The calculation of the hydrocarbon correction
was complicated by the absence of an Rxo measurement in most of
the wells. Therefore, Sxo was computed from Rt using a quadratic
solution of the Dual Water equation and an exponent as follows:
AI.2.2.1.3 SATURATION MODEL
Where 'n'=2, the Dual Water model can be solved
quadratically. Where 'n' <> 2, the solution is iterative.

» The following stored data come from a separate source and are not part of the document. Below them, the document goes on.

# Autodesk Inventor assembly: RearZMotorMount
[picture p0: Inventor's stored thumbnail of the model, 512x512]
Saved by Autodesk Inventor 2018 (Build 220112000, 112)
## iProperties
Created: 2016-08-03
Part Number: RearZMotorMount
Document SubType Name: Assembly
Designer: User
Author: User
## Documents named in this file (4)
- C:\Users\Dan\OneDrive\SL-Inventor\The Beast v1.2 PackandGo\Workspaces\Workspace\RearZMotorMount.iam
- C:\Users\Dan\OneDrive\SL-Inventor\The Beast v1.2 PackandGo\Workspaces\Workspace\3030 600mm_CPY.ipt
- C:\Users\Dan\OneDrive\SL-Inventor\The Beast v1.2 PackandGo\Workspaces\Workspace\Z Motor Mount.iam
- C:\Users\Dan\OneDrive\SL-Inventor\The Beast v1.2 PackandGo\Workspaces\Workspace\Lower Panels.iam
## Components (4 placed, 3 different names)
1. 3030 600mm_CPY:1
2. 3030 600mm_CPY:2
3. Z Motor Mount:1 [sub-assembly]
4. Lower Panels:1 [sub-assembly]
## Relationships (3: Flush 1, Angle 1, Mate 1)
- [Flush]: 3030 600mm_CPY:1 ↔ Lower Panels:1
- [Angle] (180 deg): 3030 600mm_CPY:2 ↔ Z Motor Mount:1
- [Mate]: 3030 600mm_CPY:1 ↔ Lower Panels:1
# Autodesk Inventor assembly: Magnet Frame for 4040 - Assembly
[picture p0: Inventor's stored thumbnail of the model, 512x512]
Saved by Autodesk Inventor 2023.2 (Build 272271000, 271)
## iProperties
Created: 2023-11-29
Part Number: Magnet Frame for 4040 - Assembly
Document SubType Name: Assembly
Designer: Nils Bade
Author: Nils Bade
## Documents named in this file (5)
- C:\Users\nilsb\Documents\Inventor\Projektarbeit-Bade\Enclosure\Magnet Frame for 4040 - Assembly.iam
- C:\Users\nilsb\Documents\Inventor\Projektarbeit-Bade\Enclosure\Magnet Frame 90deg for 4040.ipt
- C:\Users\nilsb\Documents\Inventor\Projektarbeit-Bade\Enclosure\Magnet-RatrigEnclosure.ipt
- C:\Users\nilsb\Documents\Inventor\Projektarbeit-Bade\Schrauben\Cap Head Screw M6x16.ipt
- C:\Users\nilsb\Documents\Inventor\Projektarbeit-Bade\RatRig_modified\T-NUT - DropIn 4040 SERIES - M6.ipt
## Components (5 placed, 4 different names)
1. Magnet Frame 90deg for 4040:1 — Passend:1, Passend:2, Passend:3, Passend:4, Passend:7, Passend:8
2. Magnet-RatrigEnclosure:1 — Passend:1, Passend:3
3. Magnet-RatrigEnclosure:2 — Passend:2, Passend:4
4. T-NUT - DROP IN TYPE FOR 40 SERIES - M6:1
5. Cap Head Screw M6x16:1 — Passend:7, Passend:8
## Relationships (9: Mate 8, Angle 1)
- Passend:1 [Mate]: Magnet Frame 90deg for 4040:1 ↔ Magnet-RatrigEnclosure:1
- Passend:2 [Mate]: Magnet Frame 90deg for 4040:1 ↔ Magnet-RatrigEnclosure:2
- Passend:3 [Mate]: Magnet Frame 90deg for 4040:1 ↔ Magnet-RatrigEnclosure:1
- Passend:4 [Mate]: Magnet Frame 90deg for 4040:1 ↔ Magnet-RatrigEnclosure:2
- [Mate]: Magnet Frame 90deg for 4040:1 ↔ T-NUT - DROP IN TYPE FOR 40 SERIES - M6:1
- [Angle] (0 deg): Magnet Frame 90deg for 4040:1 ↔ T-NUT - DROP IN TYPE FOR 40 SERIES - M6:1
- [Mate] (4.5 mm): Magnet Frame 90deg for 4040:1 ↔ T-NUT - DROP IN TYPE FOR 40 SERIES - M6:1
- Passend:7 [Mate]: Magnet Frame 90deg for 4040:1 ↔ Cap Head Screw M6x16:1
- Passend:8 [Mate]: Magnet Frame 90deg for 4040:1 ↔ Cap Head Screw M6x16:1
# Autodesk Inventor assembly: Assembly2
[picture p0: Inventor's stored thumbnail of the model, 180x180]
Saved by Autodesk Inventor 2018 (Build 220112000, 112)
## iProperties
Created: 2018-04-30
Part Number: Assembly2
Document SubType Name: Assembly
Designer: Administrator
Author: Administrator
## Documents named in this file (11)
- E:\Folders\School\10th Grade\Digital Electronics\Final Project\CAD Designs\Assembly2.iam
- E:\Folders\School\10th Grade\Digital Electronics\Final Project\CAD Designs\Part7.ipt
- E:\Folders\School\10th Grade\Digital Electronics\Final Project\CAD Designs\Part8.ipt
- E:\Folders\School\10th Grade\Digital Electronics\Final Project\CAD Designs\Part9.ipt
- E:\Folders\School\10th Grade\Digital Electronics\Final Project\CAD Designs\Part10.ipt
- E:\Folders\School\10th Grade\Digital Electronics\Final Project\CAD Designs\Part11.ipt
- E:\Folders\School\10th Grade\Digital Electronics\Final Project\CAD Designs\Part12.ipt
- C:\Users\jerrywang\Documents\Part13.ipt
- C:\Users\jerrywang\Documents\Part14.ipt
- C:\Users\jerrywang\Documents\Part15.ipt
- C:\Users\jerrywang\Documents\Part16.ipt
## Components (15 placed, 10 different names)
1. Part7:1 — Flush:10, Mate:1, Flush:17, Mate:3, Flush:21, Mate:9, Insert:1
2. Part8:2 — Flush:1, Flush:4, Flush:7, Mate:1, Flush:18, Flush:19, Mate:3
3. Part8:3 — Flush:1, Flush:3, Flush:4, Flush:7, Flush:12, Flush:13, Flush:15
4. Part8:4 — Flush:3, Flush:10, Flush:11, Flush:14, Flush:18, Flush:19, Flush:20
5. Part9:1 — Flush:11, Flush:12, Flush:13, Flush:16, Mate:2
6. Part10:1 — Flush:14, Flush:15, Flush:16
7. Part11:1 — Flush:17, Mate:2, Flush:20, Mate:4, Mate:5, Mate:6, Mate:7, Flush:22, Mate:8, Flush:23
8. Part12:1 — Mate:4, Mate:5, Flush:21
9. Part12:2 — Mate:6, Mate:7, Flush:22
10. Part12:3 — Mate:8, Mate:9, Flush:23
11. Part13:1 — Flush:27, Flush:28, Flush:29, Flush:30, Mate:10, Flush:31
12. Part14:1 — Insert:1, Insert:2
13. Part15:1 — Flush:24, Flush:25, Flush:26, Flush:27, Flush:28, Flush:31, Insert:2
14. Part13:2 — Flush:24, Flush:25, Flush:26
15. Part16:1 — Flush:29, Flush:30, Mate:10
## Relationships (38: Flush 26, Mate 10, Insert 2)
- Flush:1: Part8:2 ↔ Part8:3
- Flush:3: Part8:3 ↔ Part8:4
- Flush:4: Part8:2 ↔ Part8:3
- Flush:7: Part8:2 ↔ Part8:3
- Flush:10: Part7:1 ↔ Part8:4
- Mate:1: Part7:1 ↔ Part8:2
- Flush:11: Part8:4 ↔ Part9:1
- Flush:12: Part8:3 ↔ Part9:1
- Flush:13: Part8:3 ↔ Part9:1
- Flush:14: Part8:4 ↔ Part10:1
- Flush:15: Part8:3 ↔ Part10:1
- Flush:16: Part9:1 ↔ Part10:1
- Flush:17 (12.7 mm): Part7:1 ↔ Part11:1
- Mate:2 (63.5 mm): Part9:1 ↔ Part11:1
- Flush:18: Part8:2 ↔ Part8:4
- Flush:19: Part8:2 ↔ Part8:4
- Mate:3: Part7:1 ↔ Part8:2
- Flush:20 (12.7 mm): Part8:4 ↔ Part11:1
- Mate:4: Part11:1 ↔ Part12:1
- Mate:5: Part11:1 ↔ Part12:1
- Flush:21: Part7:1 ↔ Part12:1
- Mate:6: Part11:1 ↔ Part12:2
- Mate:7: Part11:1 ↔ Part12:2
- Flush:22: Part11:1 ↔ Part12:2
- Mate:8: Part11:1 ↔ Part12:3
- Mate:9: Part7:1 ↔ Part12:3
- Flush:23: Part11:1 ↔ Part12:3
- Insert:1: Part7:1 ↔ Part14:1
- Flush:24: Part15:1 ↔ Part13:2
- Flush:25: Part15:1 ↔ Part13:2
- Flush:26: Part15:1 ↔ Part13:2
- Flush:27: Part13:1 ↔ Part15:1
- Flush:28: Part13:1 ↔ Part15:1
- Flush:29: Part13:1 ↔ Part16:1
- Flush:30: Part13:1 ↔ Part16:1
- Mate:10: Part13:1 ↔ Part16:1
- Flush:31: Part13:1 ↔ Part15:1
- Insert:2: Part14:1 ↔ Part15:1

The model repeats the iteration until the solution converges
within an acceptable user-defined limit, or until a set number
of iterations has been performed.
The choice of electrical properties for the
saturation model was quite a complex and involved procedure due
to the unusual nature of the reservoir, the small amount of useful
core data, and the problems to be solved. The porosity exponent
"m" and the saturation exponent "n" were both
variable functions of lithology. Also, the Rw value was difficult
to identify, and it is likely that there are some water resistivity variations
that could not be identified with the available data. Calibration
procedures are discussed in detail in Appendix IV, Section AIV.2.2.4.3.
APPENDIX II
Characteristics of Diatomaceous Rocks
A.II.1.0 MONTEREY SHALE FACIES
AND PRODUCTION CHARACTERISTICS
The characteristics and evolution
of the siliceous shale facies of the Miocene Monterey formations
are complex and have caused consternation among many operators
since they were first found to be productive. The Monterey can
be found productive at any depth. However the characteristics
of the reservoirs vary dramatically with depth and clay content.
A clear understanding of the depositional and diagenetic process
involved in the formation of these reservoirs is necessary in
order to appreciate the potential of the biogenic shale reservoirs
at Pioneer Anticline and elsewhere in the San Joaquin Valley.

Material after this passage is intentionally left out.